Exercise details - Each line below from the one containing "doc.layers.add('25. ценная историческая" through the one containing "blk = doc.blocks.new('участки все')" is to be given again exactly, and no line outside that span.

Raw data -
%%

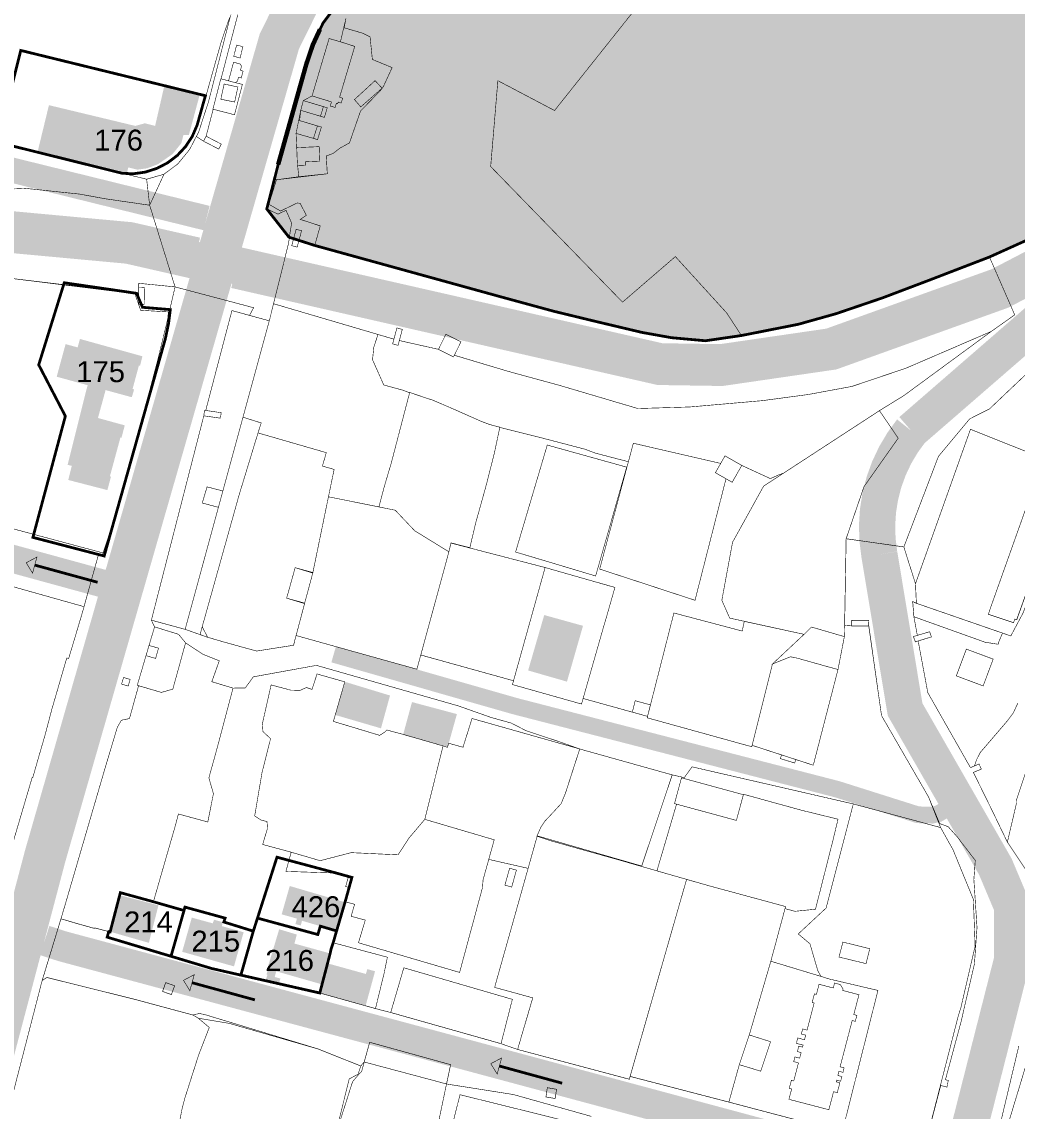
# Model space of a CAD drawing. Header units: millimetres. Extents: x 21689 to 31331, y 37531 to 43751.
# Drawn here: x 26525.5 to 26882.5, y 43025.9 to 43416.8 of the extents above; entities that cross this region are included whole.
import ezdxf

# ---------------------------------------------------------------- set-up
doc = ezdxf.new("R2010")
doc.units = ezdxf.units.MM
doc.linetypes.add('g5_084', pattern=[0.4, 0.2, -0.2])
for name, color, linetype, lineweight, transparency in [('0.1 ОКН', 1, 'Continuous', 9, 0.4), ('00 Дороги', 252, 'Continuous', 9, 0.2), ('24. ценная дореволюц постройка', 192, 'Continuous', 13, 0.4)]:
    doc.layers.add(name, color=color, linetype=linetype, lineweight=lineweight, transparency=transparency)
for name, color, linetype, lineweight in [('0.15 - Видовые раскрытия', 22, 'Continuous', 9), ('00 границы ОКН', 1, 'Continuous', 40), ('00 номер ОКН', 7, 'Continuous', 15), ('00 Разраб границы', 5, 'g5_084', 50), ('CONTUR', 150, 'Continuous', 9)]:
    doc.layers.add(name, color=color, linetype=linetype, lineweight=lineweight)
doc.layers.add('25. ценная историческая застройка сов пер', color=92, linetype='Continuous', lineweight=0, true_color=0x19df16)
doc.styles.get("Standard").update_dxf_attribs({"font": 'arial.ttf'})
doc.linetypes.add('474_2', pattern='A,1,-0.5,[222,geobl2.shx,S=0.1,R=0,X=0,Y=0],-0.5,3', length=5)

# ---------------------------------------------------------------- blocks, each defined once
blk = doc.blocks.new('участки все')
at = {"layer": 'CONTUR', "const_width": 0.2}
for points in [[(3716.27, 5776.96), (3710.26, 5753.93), (3712.94, 5753.22), (3714.75, 5759.9), (3717.16, 5759.22), (3717.6, 5758.48), (3717.21, 5756.96), (3718.16, 5756.7), (3717.51, 5754.25), (3716.54, 5754.51), (3716.09, 5753.02), (3715.35, 5752.56), (3717.9, 5751.93), (3715.08, 5741.04), (3707.43, 5743.02), (3704.9, 5733.34), (3710.34, 5730.51), (3709.42, 5728.73), (3703.99, 5731.55), (3701.4, 5733.24), (3698.96, 5728.56), (3694.75, 5723.41), (3689.78, 5719.7), (3684.65, 5708.59), (3693.76, 5679.29), (3721.93, 5671.82), (3720.46, 5669.06), (3727.56, 5667.12), (3734.3, 5694.26), (3734.68, 5696.37), (3735.02, 5698.95), (3735.58, 5702.15), (3733.55, 5706.76), (3730.65, 5705.39), (3726.67, 5707.29), (3729.62, 5718.79), (3730.75, 5723.25), (3741.75, 5762.33), (3743.6, 5767.26), (3746.88, 5774), (3748.38, 5776.5)], [(3859.52, 5779.85), (3829.85, 5742.56), (3809.53, 5753.27), (3806.95, 5722.46), (3854.24, 5673.82), (3873.18, 5690.16), (3891.62, 5669.9), (3896.87, 5661.84), (3902.07, 5662.61), (3919.22, 5666.3), (3930.8, 5669.67), (3947.52, 5675.36), (3964.19, 5681.68), (3985.82, 5690.02), (4001.71, 5696.76)], [(3712.91, 5774.8), (3710.32, 5767.21), (3704.87, 5747.87), (3638.64, 5764.11), (3630.43, 5731.14), (3571.15, 5745.89), (3562.44, 5748.2), (3569.66, 5778.21)], [(4001.71, 5696.76), (3985.82, 5690.02), (3994.88, 5669.26), (3986.47, 5663.3), (3955.17, 5640.32), (3946.37, 5634.89), (3953.1, 5625.01), (3940.82, 5607.61), (3934.42, 5588.94), (3955.13, 5586.01), (3967.53, 5618.49), (3978.73, 5631.93), (3985.83, 5635.51), (4023.3, 5671.05)], [(3748.38, 5776.5), (3746.88, 5774), (3743.6, 5767.26), (3741.75, 5762.33), (3730.75, 5723.25), (3729.62, 5718.79), (3729.4, 5717.91), (3730.14, 5717.72), (3738.13, 5718.81), (3737.72, 5722.84), (3737.6, 5724.13), (3737.39, 5729.25), (3737.16, 5734.36), (3738.83, 5742.64), (3739.77, 5746.12), (3742.9, 5747.8), (3749, 5768.39), (3753.07, 5767.22), (3754.26, 5772.28), (3755.06, 5775.67)], [(3571.15, 5745.89), (3654.55, 5725.14), (3683.57, 5717.91), (3684.65, 5708.59), (3668.8, 5710.89), (3663.26, 5711.91), (3659.66, 5712.56), (3640.17, 5714.63), (3632.57, 5714.29)], [(3859.52, 5779.85), (3829.85, 5742.56), (3809.53, 5753.27), (3806.95, 5722.46), (3854.24, 5673.82), (3873.18, 5690.16), (3891.62, 5669.9), (3896.87, 5661.84), (3883.97, 5659.96), (3871.8, 5661.06), (3861.23, 5662.95), (3852.25, 5665.03), (3829.47, 5670.57), (3800.96, 5678.34), (3770.84, 5686.76), (3743.85, 5694.16), (3745.83, 5701.17), (3738.64, 5703.51), (3740.85, 5704.96), (3738.61, 5709.27), (3737.58, 5709.4), (3731.6, 5706.51), (3727.4, 5708.93), (3730.14, 5717.72), (3748.36, 5719.87), (3747.98, 5726.25), (3750.47, 5727.19), (3753.08, 5729.19), (3756.3, 5730.93), (3760.28, 5742.39), (3767.34, 5749.62), (3768.46, 5751.14), (3771.61, 5757.97), (3764.52, 5760.88), (3763.7, 5768.97), (3761.12, 5770.28), (3754.39, 5772.25), (3755.06, 5775.67)], [(4003.25, 5518.5), (3995.55, 5495.38), (3995.52, 5494.08), (3992.25, 5480.09), (3987.2, 5490.58), (3980.07, 5505.1), (3982.93, 5506.3), (3982.07, 5508.1), (3980.43, 5507.42), (3981.23, 5509.74), (3982.54, 5512.28), (3992.24, 5523.6), (3994.4, 5526.49), (3996.03, 5530.01)], [(3632.57, 5714.29), (3640.17, 5714.63), (3659.66, 5712.56), (3668.8, 5710.89), (3684.65, 5708.59), (3693.76, 5679.29), (3680.75, 5680.58), (3680.65, 5676.87), (3631.94, 5682.71)], [(3631.94, 5682.71), (3679.35, 5676.83), (3680.67, 5673.07), (3681.41, 5670.9), (3691.32, 5670.31), (3691.22, 5668.29), (3690.54, 5665.34), (3687.49, 5652.86), (3682.53, 5634.17), (3672.6, 5598.07), (3667.95, 5583.84), (3607.03, 5600.19)], [(3634.38, 5475.69), (3642.54, 5503.36), (3642.77, 5503.35), (3644.92, 5510.89), (3647.16, 5518.58), (3649.53, 5527.61), (3652.55, 5537.99), (3653.72, 5542.02), (3654.93, 5546.17), (3655.6, 5545.98), (3660.49, 5562.33), (3666.32, 5583.3), (3667.65, 5582.94), (3672.6, 5598.07), (3682.53, 5634.17), (3687.49, 5652.86), (3690.54, 5665.34), (3693.76, 5679.29), (3721.93, 5671.82), (3720.46, 5669.06), (3714.15, 5670.79), (3704.76, 5634.96), (3704.33, 5635.03), (3704.07, 5633.03), (3685.26, 5559.71), (3686.42, 5557.32), (3684.42, 5550.64), (3683.34, 5546.99), (3680.21, 5536.35), (3680.68, 5536.22), (3677.41, 5524.43), (3674.5, 5523.82), (3673.03, 5521.24), (3668.62, 5506.52), (3654.65, 5458.67), (3653.77, 5455.72), (3652.84, 5452.6), (3646.09, 5430.44), (3633.21, 5380.5)], [(3607.03, 5600.19), (3667.95, 5583.84), (3667.65, 5582.94), (3666.32, 5583.31), (3661.1, 5564.57), (3629.47, 5573.48)], [(3996.34, 5406.92), (3985.29, 5360.39)], [(3962.71, 5371.14), (3968.36, 5392.82), (3970.57, 5392.19), (3971.06, 5394.63), (3970.03, 5394.83), (3975.77, 5416.14), (3976.55, 5419.63), (3980.44, 5436.43), (3981.36, 5449.5), (3980.23, 5466.71), (3980.74, 5473.55), (3974.12, 5482.16), (3971.02, 5485.63), (3967.97, 5486.75), (3963.96, 5496.34), (3947.12, 5525.47), (3942.58, 5557.57), (3942.58, 5559.69), (3936.41, 5559.7), (3936.39, 5557.66), (3933.89, 5557.86), (3933.89, 5557.86), (3934.43, 5588.93), (3955.11, 5586), (3959.29, 5572.83), (3959.61, 5565.82), (3958.27, 5566.45), (3958.72, 5560.95), (3959.96, 5554.28), (3958.56, 5553.86), (3959.22, 5551.94), (3960.26, 5552.25), (3963.71, 5533.72), (3979.01, 5506.81), (3982.07, 5508.1), (3982.93, 5506.3), (3980.07, 5505.1), (3987.2, 5490.58), (3992.25, 5480.09), (4003.5, 5463.22)], [(3843.01, 5381.71), (3815.07, 5389.55), (3791.13, 5393.32), (3792.59, 5400.26), (3763.55, 5408.3), (3761.58, 5401.21), (3760.38, 5399.79), (3744.93, 5405.94), (3704.68, 5418.15), (3702.52, 5418.62), (3700.15, 5418.1), (3695.68, 5419.29), (3679.58, 5423.63), (3647.81, 5431.55), (3646.12, 5430.49), (3652.85, 5452.58), (3652.85, 5452.58), (3655.74, 5451.72), (3658.7, 5450.85), (3664.87, 5449.13), (3664.93, 5449.32), (3669.98, 5447.98), (3669.41, 5446.01), (3706.86, 5434.78), (3745.65, 5425.96), (3765.65, 5420.37), (3771.08, 5418.97), (3810.67, 5407.78), (3816.59, 5405.72), (3856.67, 5395.02), (3856.96, 5396.03), (3892.37, 5386.82), (3932.91, 5376.13)], [(3792.12, 5374.28), (3795.95, 5389.48), (3840.96, 5378.32)]]:
    blk.add_lwpolyline(points, dxfattribs=at)
for points in [[(3675.05, 5720.03), (3679.01, 5719.86), (3683.31, 5720.47), (3687.46, 5721.79), (3691.31, 5723.8), (3694.78, 5726.43), (3697.74, 5729.61), (3700.12, 5733.25), (3701.86, 5737.23), (3704.87, 5747.87), (3710.32, 5767.21), (3712.91, 5774.8), (3713.56, 5776.24), (3710.86, 5765.68), (3705.78, 5745.8), (3702.21, 5734.8), (3698.97, 5728.57), (3694.76, 5723.41), (3689.77, 5719.7), (3683.57, 5717.91), (3675.05, 5720.03)], [(3754.26, 5772.28), (3753.07, 5767.22), (3758.2, 5765.57), (3752.77, 5747.34), (3753.86, 5746.99), (3753.32, 5745.26), (3752.25, 5745.58), (3752.06, 5744.98), (3751.59, 5745.12), (3751.17, 5743.67), (3749.44, 5744.16), (3749.85, 5745.65), (3742.9, 5747.8), (3739.78, 5746.12), (3748.35, 5743.54), (3747.31, 5740.09), (3738.83, 5742.64), (3738.43, 5738.94), (3746.23, 5736.62), (3744.87, 5732.14), (3737.16, 5734.36), (3737.39, 5729.25), (3745.45, 5729.6), (3745.67, 5724.41), (3740.59, 5724.2), (3740.64, 5722.97), (3737.72, 5722.84), (3738.13, 5718.81), (3748.36, 5719.87), (3747.98, 5726.25), (3750.47, 5727.19), (3753.08, 5729.19), (3756.3, 5730.93), (3760.28, 5742.39), (3767.34, 5749.62), (3767.57, 5749.94), (3767.28, 5749.93), (3760.38, 5743.87), (3758.09, 5746.48), (3765.49, 5753.28), (3768.01, 5750.57), (3768.46, 5751.14), (3771.61, 5757.97), (3764.52, 5760.88), (3763.7, 5768.97), (3761.12, 5770.28), (3754.39, 5772.25), (3754.26, 5772.28)], [(3718.09, 5765.48), (3717.09, 5761.42), (3714.81, 5762.02), (3715.83, 5766.04), (3718.09, 5765.48)], [(3718.09, 5765.48), (3717.09, 5761.42), (3714.81, 5762.02), (3715.83, 5766.04), (3718.09, 5765.48)], [(3638.64, 5764.11), (3704.87, 5747.87), (3701.86, 5737.23), (3700.12, 5733.25), (3697.74, 5729.61), (3694.78, 5726.43), (3691.31, 5723.8), (3687.46, 5721.79), (3683.31, 5720.47), (3679.01, 5719.86), (3675.05, 5720.03), (3630.43, 5731.14), (3638.64, 5764.11)], [(3714.75, 5759.9), (3717.16, 5759.22), (3717.6, 5758.48), (3717.21, 5756.96), (3718.16, 5756.7), (3717.51, 5754.25), (3716.54, 5754.51), (3716.09, 5753.02), (3715.35, 5752.56), (3712.94, 5753.22), (3714.75, 5759.9)], [(3715.35, 5752.56), (3712.94, 5753.22), (3710.16, 5753.95), (3707.34, 5743.05), (3715.08, 5741.04), (3717.9, 5751.93), (3715.35, 5752.56)], [(3765.49, 5753.28), (3758.09, 5746.48), (3760.38, 5743.87), (3767.28, 5749.93), (3768.01, 5750.57), (3765.49, 5753.28)], [(3716.3, 5750.99), (3716.08, 5750.03), (3715.34, 5746.57), (3715.12, 5745.62), (3714.16, 5745.82), (3712.18, 5746.21), (3710.17, 5746.61), (3711.36, 5752.07), (3713.37, 5751.63), (3715.33, 5751.2), (3716.3, 5750.99)], [(3716.3, 5750.99), (3716.08, 5750.03), (3715.34, 5746.57), (3715.12, 5745.62), (3714.16, 5745.82), (3712.18, 5746.21), (3710.17, 5746.61), (3711.36, 5752.07), (3713.37, 5751.63), (3715.33, 5751.2), (3716.3, 5750.99)], [(3746.97, 5743.95), (3745.9, 5740.51), (3747.31, 5740.09), (3748.35, 5743.54), (3746.97, 5743.95)], [(3744.81, 5737.05), (3743.41, 5732.56), (3744.87, 5732.14), (3746.23, 5736.62), (3744.81, 5737.05)], [(3710.34, 5730.51), (3709.42, 5728.73), (3703.99, 5731.55), (3704.9, 5733.34), (3710.34, 5730.51)], [(3727.11, 5709.03), (3727.4, 5708.93), (3731.6, 5706.51), (3737.58, 5709.4), (3738.61, 5709.27), (3740.85, 5704.96), (3738.64, 5703.51), (3745.83, 5701.17), (3743.85, 5694.16), (3770.84, 5686.76), (3791.44, 5681), (3800.96, 5678.34), (3816.9, 5673.99), (3822.05, 5672.59), (3828.28, 5670.9), (3829.47, 5670.57), (3834.22, 5669.42), (3841.89, 5667.55), (3843.8, 5667.09), (3852.25, 5665.03), (3861.23, 5662.95), (3871.8, 5661.06), (3883.97, 5659.96), (3896.87, 5661.84), (3902.07, 5662.61), (3919.22, 5666.3), (3930.8, 5669.67), (3947.52, 5675.36), (3957.81, 5679.26), (3964.19, 5681.68), (3978.59, 5687.23), (3985.82, 5690.02), (3994.88, 5669.26), (3986.47, 5663.3), (3955.82, 5650.09), (3936.5, 5643.58), (3920.78, 5640.67), (3904.31, 5638.47), (3878.38, 5636.21), (3859.71, 5635.65), (3832.12, 5643.82), (3812.84, 5649.1), (3793.91, 5654.76), (3796.31, 5659.6), (3790.89, 5662.28), (3788.22, 5656.89), (3774.19, 5660.04), (3775.26, 5664.05), (3773.32, 5664.57), (3773.21, 5664.14), (3772.24, 5660.54), (3729.08, 5673.25), (3734.3, 5694.26), (3734.69, 5696.37), (3735.03, 5698.95), (3735.58, 5702.15), (3733.56, 5706.76), (3730.65, 5705.39), (3726.67, 5707.29), (3727.11, 5709.03)], [(3737.55, 5693.56), (3735.6, 5694.08), (3737.19, 5699.96), (3739.14, 5699.44), (3737.55, 5693.56)], [(3682.67, 5673.04), (3680.67, 5673.07), (3680.79, 5679.07), (3682.79, 5679.03), (3682.67, 5673.04)], [(3714.15, 5670.79), (3727.56, 5667.12), (3710.91, 5606.07), (3705.24, 5607.54), (3703.51, 5601.76), (3709.31, 5600.2), (3697.37, 5556.44), (3685.26, 5559.71), (3704.07, 5633.03), (3710.02, 5632.19), (3710.31, 5634.15), (3704.76, 5634.96), (3714.15, 5670.79)], [(3766.52, 5662.22), (3772.24, 5660.54), (3771.79, 5658.85), (3773.74, 5658.33), (3774.19, 5660.04), (3788.22, 5656.89), (3793.6, 5654.15), (3793.91, 5654.77), (3812.84, 5649.1), (3832.12, 5643.82), (3859.71, 5635.65), (3878.38, 5636.21), (3904.31, 5638.47), (3920.78, 5640.67), (3936.5, 5643.58), (3955.82, 5650.09), (3986.47, 5663.3), (3955.17, 5640.32), (3946.38, 5634.89), (3911.99, 5612.47), (3910.17, 5611.81), (3907.25, 5610.51), (3897, 5615.23), (3890.98, 5618.66), (3889.44, 5615.96), (3858.11, 5623.2), (3856.34, 5616.57), (3844.61, 5619.62), (3840.81, 5621.04), (3825.43, 5625.07), (3810.22, 5628.87), (3810.24, 5628.96), (3808.82, 5629.33), (3806.67, 5629.88), (3803.63, 5631.02), (3793.57, 5635.48), (3786.2, 5638.65), (3783.9, 5639.37), (3777.9, 5641.42), (3777.87, 5641.32), (3777.8, 5641.34), (3775.41, 5642.24), (3768.61, 5644.11), (3764.58, 5653.14), (3765.02, 5657.55), (3766.52, 5662.22)], [(3773.74, 5658.33), (3771.79, 5658.85), (3773.32, 5664.57), (3775.26, 5664.05), (3773.74, 5658.33)], [(3790.89, 5662.28), (3796.31, 5659.61), (3793.6, 5654.15), (3788.22, 5656.89), (3790.89, 5662.28)], [(3777.9, 5641.42), (3783.9, 5639.38), (3786.2, 5638.65), (3793.57, 5635.48), (3803.62, 5631.02), (3806.67, 5629.88), (3810.24, 5628.96), (3808.24, 5619.51), (3805.17, 5607.48), (3801.56, 5594.55), (3799.48, 5585.72), (3792.72, 5587.45), (3791.96, 5584.25), (3779.68, 5591.81), (3772.73, 5599.17), (3766.86, 5600.35), (3768.77, 5607.56), (3771.34, 5616.24), (3777.9, 5641.42)], [(3718.13, 5632.55), (3724.65, 5630.47), (3723.51, 5626.9), (3716.76, 5604.75), (3703.49, 5557.34), (3702.74, 5554.54), (3697.37, 5556.44), (3709.31, 5600.2), (3710.91, 5606.07), (3718.13, 5632.55)], [(3704.33, 5635.03), (3710.31, 5634.15), (3710.02, 5632.19), (3704.07, 5633.03), (3704.33, 5635.03)], [(3946.37, 5634.89), (3953.1, 5625.01), (3940.82, 5607.61), (3934.42, 5588.94), (3933.79, 5553.82), (3922, 5557.26), (3919.34, 5554.64), (3892.67, 5560.47), (3889.85, 5566.86), (3893.69, 5587.68), (3904.83, 5607.81), (3946.37, 5634.89)], [(3959.3, 5572.83), (3979.01, 5628.2), (4005.65, 5617.57), (4016.69, 5610.15), (4015.54, 5608.76), (4019.85, 5605.1), (4018.8, 5604.79), (4010.44, 5593.25), (4007.5, 5587.93), (4001.82, 5572.75), (3997.91, 5562.39), (3993.49, 5554.06), (3959.62, 5565.78), (3959.3, 5572.83)], [(3723.51, 5626.9), (3748, 5619.82), (3746.6, 5615.01), (3750.81, 5613.8), (3748.77, 5603.99), (3743.18, 5576.82), (3736.83, 5578.56), (3733.78, 5567.62), (3740.21, 5565.67), (3737.17, 5554.21), (3737.02, 5553.74), (3736.28, 5550.73), (3723.02, 5548.64), (3711.72, 5551.76), (3705.46, 5553.58), (3703.49, 5557.34), (3716.76, 5604.75), (3723.51, 5626.9)], [(3827.24, 5622.55), (3855.72, 5614.62), (3844.59, 5575.58), (3815.88, 5584.17), (3827.24, 5622.55)], [(3858.11, 5623.2), (3889.44, 5615.96), (3887.54, 5612.63), (3891.34, 5610.45), (3880.23, 5566.86), (3846.04, 5578.06), (3858.11, 5623.2)], [(3890.98, 5618.67), (3897, 5615.23), (3893.55, 5609.19), (3887.54, 5612.63), (3890.98, 5618.67)], [(3995.62, 5559.85), (3994.92, 5560.11), (3994.46, 5558.82), (3985.42, 5561.84), (3985.87, 5563.22), (4002.78, 5610.76), (4012.66, 5607.49), (3995.62, 5559.85)], [(4012.66, 5607.49), (3995.57, 5559.88), (3994.92, 5560.11), (3994.46, 5558.82), (3985.42, 5561.84), (3985.87, 5563.22), (4002.78, 5610.76), (4012.66, 5607.49)], [(3705.24, 5607.54), (3710.91, 5606.07), (3709.31, 5600.2), (3703.51, 5601.76), (3705.24, 5607.54)], [(3740.24, 5565.84), (3743.15, 5576.63), (3748.77, 5603.99), (3772.73, 5599.17), (3779.68, 5591.81), (3791.96, 5584.25), (3780.5, 5542.13), (3737.17, 5554.21), (3740.24, 5565.84)], [(3791.96, 5584.25), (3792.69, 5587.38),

%%

Answer section -
doc.layers.add('25. ценная историческая застройка сов пер', color=92, linetype='Continuous', lineweight=0, true_color=0x19df16)
doc.styles.get("Standard").update_dxf_attribs({"font": 'arial.ttf'})
doc.linetypes.add('474_2', pattern='A,1,-0.5,[222,geobl2.shx,S=0.1,R=0,X=0,Y=0],-0.5,3', length=5)

# ---------------------------------------------------------------- blocks, each defined once
blk = doc.blocks.new('участки все')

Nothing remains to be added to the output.